あとでスーパーに行って、あ、あいつここで買って来たんじゃないか!と思われるのも嫌ですよね。
大辞林で調べてみた。「おみやげ」とは
①旅行先や外出先から家などへ持って帰るその土地の産物。
②人を訪問する際持って行く贈り物。手みやげ。
とあります。でも、東京のデパートで売っている時点で、それは「その土地の産物」ではないので、①には該当しない。かといって②に使っても、行ってもないところの贈り物というのもなんだかなぁという感じがします。

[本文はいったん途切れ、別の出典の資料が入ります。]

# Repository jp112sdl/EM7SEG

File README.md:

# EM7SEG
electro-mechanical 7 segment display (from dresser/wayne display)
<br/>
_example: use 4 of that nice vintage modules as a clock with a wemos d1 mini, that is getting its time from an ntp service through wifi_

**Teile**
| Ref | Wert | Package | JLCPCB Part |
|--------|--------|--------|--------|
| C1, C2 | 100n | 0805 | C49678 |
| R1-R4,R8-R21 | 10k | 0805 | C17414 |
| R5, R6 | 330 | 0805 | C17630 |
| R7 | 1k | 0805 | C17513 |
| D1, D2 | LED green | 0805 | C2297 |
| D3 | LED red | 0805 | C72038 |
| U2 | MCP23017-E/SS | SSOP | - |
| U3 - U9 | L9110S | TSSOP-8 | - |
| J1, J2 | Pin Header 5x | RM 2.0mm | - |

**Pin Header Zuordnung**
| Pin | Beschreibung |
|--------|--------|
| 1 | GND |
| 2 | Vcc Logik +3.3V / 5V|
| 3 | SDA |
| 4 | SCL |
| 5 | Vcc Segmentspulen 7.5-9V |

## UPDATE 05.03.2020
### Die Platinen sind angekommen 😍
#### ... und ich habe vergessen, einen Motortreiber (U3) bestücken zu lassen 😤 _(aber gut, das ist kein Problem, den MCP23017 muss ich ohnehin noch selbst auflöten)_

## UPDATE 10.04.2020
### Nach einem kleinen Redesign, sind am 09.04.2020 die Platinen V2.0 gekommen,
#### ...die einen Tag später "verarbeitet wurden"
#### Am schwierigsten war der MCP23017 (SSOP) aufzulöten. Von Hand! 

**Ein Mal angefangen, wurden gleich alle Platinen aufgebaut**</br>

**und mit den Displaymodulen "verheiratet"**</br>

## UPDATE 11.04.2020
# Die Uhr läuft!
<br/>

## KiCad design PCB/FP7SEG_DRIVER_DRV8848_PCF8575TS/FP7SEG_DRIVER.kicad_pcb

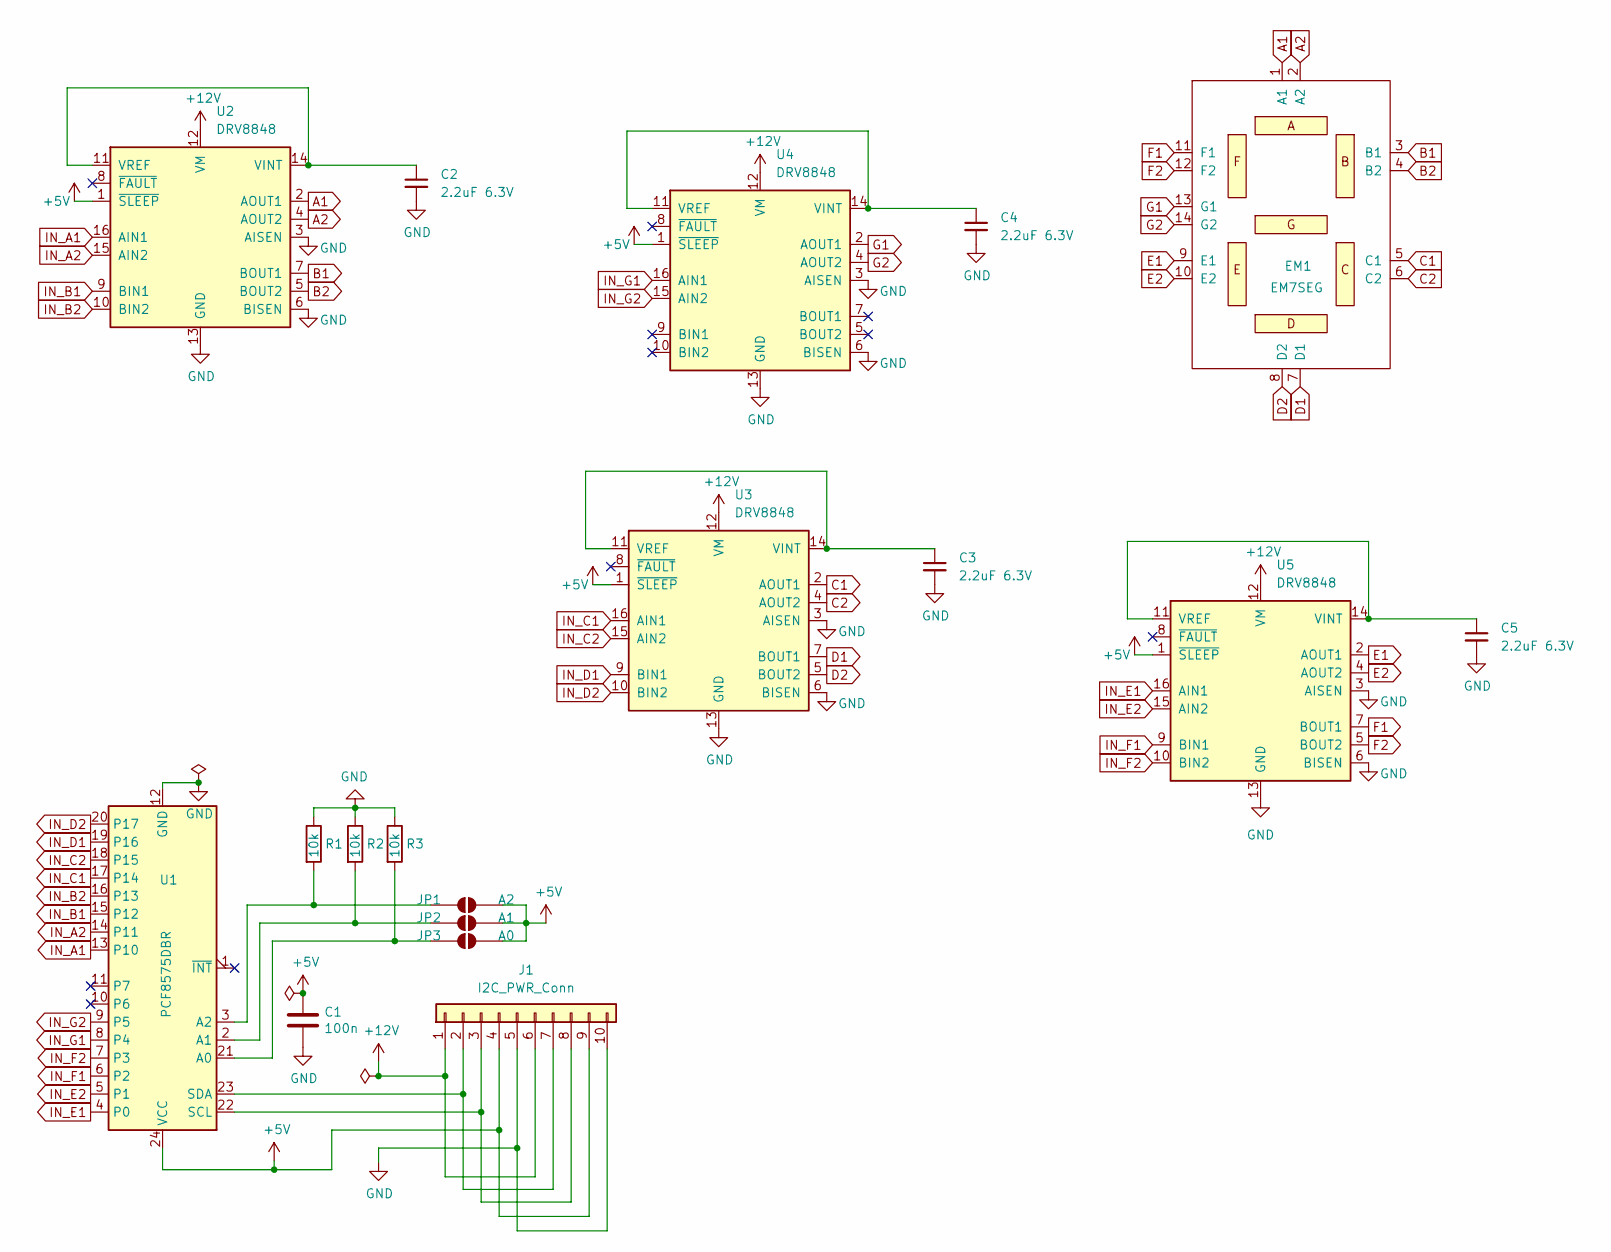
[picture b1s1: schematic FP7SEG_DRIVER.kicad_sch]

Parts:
C1: 100n; C_0805_2012Metric
C2, C3, C4, C5: 2.2uF 6.3V; C_0805_2012Metric
EM1: EM7SEG; FP
J1: I2C_PWR_Conn; PinSocket_1x10_P2.54mm_Vertical
JP1: A2; SolderJumper-2_P1.3mm_Open_RoundedPad1.0x1.5mm
JP2: A1; SolderJumper-2_P1.3mm_Open_RoundedPad1.0x1.5mm
JP3: A0; SolderJumper-2_P1.3mm_Open_RoundedPad1.0x1.5mm
R1, R2, R3: 10k; R_0805_2012Metric
U1: PCF8575DBR; SSOP-24_5.3x8.2mm_P0.65mm
U2, U3, U4, U5: DRV8848; TSSOP-16-1EP_4.4x5mm_P0.65mm

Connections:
+5V: C1.1, J1.4, J1.9, JP1.2 (B), JP2.2 (B), JP3.2 (B), U1.24 (VCC), U2.1 (~SLEEP), U3.1 (~SLEEP), U4.1 (~SLEEP), U5.1 (~SLEEP)
+12V: J1.1, J1.6, U2.12 (VM), U3.12 (VM), U4.12 (VM), U5.12 (VM)
A1: EM1.1 (A1), U2.2 (AOUT1)
A2: EM1.2 (A2), U2.4 (AOUT2)
B1: EM1.3 (B1), U2.7 (BOUT1)
B2: EM1.4 (B2), U2.5 (BOUT2)
C1: EM1.5 (C1), U3.2 (AOUT1)
C2: EM1.6 (C2), U3.4 (AOUT2)
D1: EM1.7 (D1), U3.7 (BOUT1)
D2: EM1.8 (D2), U3.5 (BOUT2)
E1: EM1.9 (E1), U5.2 (AOUT1)
E2: EM1.10 (E2), U5.4 (AOUT2)
F1: EM1.11 (F1), U5.7 (BOUT1)
F2: EM1.12 (F2), U5.5 (BOUT2)
G1: EM1.13 (G1), U4.2 (AOUT1)
G2: EM1.14 (G2), U4.4 (AOUT2)
GND: C1.2, C2.2, C3.2, C4.2, C5.2, J1.5, J1.10, R1.1, R2.1, R3.1, U1.12 (GND), U2.3 (AISEN), U2.6 (BISEN), U2.13 (GND), U2.17 (GND), U3.3 (AISEN), U3.6 (BISEN), U3.13 (GND), U3.17 (GND), U4.3 (AISEN), U4.6 (BISEN), U4.13 (GND), U4.17 (GND), U5.3 (AISEN), U5.6 (BISEN), U5.13 (GND), U5.17 (GND)
IN_A1: U1.13 (P10), U2.16 (AIN1)
IN_A2: U1.14 (P11), U2.15 (AIN2)
IN_B1: U1.15 (P12), U2.9 (BIN1)
IN_B2: U1.16 (P13), U2.10 (BIN2)
IN_C1: U1.17 (P14), U3.16 (AIN1)
IN_C2: U1.18 (P15), U3.15 (AIN2)
IN_D1: U1.19 (P16), U3.9 (BIN1)
IN_D2: U1.20 (P17), U3.10 (BIN2)
IN_E1: U1.4 (P0), U5.16 (AIN1)
IN_E2: U1.5 (P1), U5.15 (AIN2)
IN_F1: U1.6 (P2), U5.9 (BIN1)
IN_F2: U1.7 (P3), U5.10 (BIN2)
IN_G1: U1.8 (P4), U4.16 (AIN1)
IN_G2: U1.9 (P5), U4.15 (AIN2)
unnamed: J1.2, J1.7, U1.23 (SDA)
unnamed: J1.3, J1.8, U1.22 (SCL)
unnamed: JP1.1 (A), R1.2, U1.3 (A2)
unnamed: JP2.1 (A), R2.2, U1.2 (A1)
unnamed: JP3.1 (A), R3.2, U1.21 (A0)
unnamed: C2.1, U2.11 (VREF), U2.14 (VINT)
unnamed: C3.1, U3.11 (VREF), U3.14 (VINT)
unnamed: C4.1, U4.11 (VREF), U4.14 (VINT)
unnamed: C5.1, U5.11 (VREF), U5.14 (VINT)

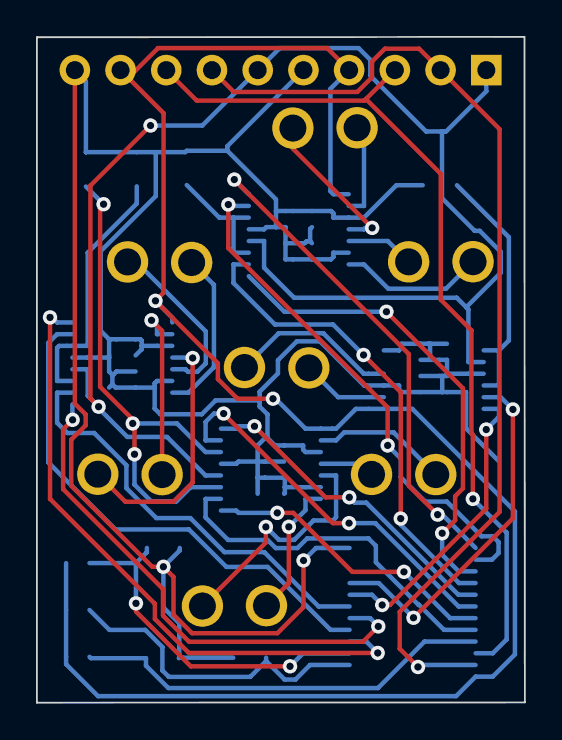
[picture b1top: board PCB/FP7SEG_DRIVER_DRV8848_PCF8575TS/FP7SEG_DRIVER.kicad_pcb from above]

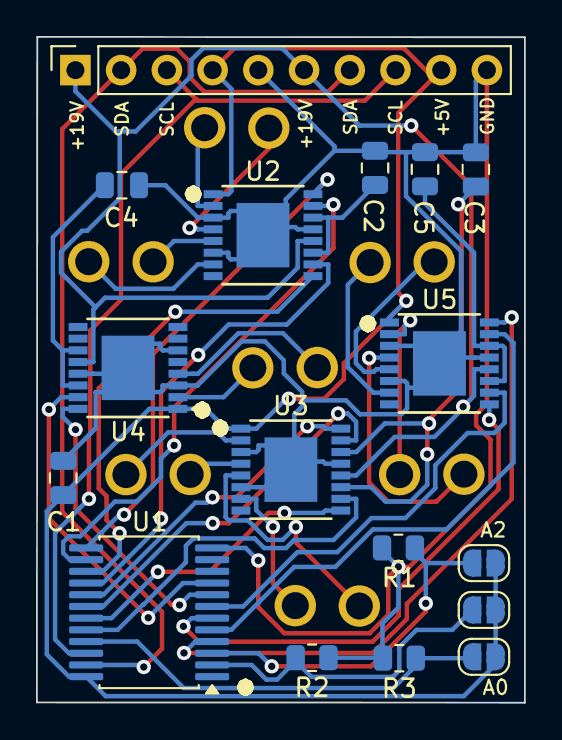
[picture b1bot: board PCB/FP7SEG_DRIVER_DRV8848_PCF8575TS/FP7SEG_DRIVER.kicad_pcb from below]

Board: 2 copper layers, 27.1 x 37.0 mm, 18 parts (17 on the bottom side), 40 nets.

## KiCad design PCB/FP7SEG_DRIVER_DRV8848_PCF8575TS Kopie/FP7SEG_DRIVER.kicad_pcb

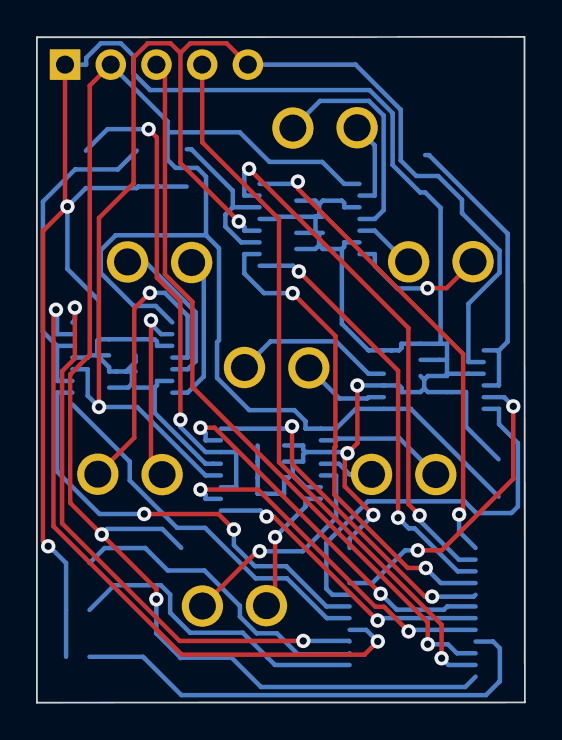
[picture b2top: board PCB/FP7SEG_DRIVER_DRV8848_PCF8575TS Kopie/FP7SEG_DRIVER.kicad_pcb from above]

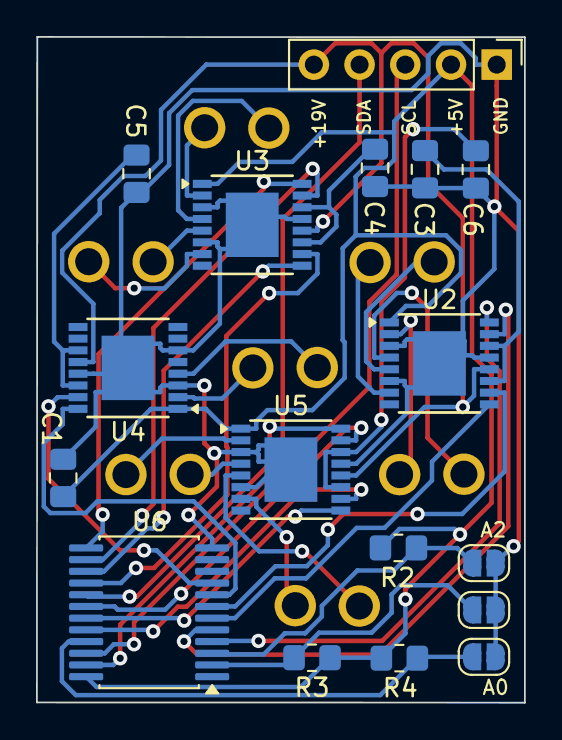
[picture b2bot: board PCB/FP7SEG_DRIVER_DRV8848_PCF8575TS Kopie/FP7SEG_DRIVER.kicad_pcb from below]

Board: 2 copper layers, 27.1 x 37.0 mm, 18 parts (17 on the bottom side), 40 nets.

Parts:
C1: 100n; C_0805_2012Metric_Pad1.18x1.45mm_HandSolder
C3, C4, C5, C6: 2.2uF 6.3V; C_0805_2012Metric_Pad1.18x1.45mm_HandSolder
EM1: EM7SEG; FP
J1: I2C_PWR_IN; PinHeader_1x05_P2.54mm_Vertical
JP1: A0; SolderJumper-2_P1.3mm_Open_RoundedPad1.0x1.5mm
JP2: A1; SolderJumper-2_P1.3mm_Open_RoundedPad1.0x1.5mm
JP3: A2; SolderJumper-2_P1.3mm_Open_RoundedPad1.0x1.5mm
R2, R3, R4: 10k; R_0805_2012Metric_Pad1.20x1.40mm_HandSolder
U2, U3, U4, U5: DRV8848; TSSOP-16-1EP_4.4x5mm_P0.65mm
U6: PCF8575DBR; SSOP-24_5.3x8.2mm_P0.65mm

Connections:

帰省先で「こうして買って帰ってもどうせ東京でも売ってるんだよなぁ。」と思うと、お土産を買うという行為を邪魔されたような気持ちにもなってしまいます。私のような地方出身者が多い東京では、故郷のものがいつでも食べられるという環境はありがたくもあり、ありがた迷惑でもあります。土産がどこでも買えてしまうというのは良いことばかりではなく、マイナス面の方が多いと思うのです。お土産には「わざわざ旅行先で自分を思って選び、買って帰ってくれたんだ。」という思いが込められているからです。
ミシュランの三ツ星
ミシュランの三ツ星レストランの基準は、そのレストランで食べるそれだけのために旅をして行く価値のあるお店かどうかが、三ツ星を与える基準と聞きます。そこまでとは言わないけれど、お土産は旅の想い出に買って帰りたい物であってほしいですね。
まぁ、ごちゃごちゃ理屈を行ってますが、早い話が「お土産はその土地かせめて近隣だけで売って欲しい」。その一言につきます。その方が旅をする楽しみも醍醐味も増えると思いますし、お土産としての値打ちもあがり、結果的に人が呼べたら万々歳じゃないかと思うのです。実際に、そのようにしている頑固な会社もありますので、そんな会社が増えてくれることを願ってます。
と、これを書きながら、さくら巻に加えて食べたいものがでてきました!奈良の当麻寺前でしか売ってない中将餅。あ〜、食べたい!買いに行きたい!この中将餅のことはまたの機会に。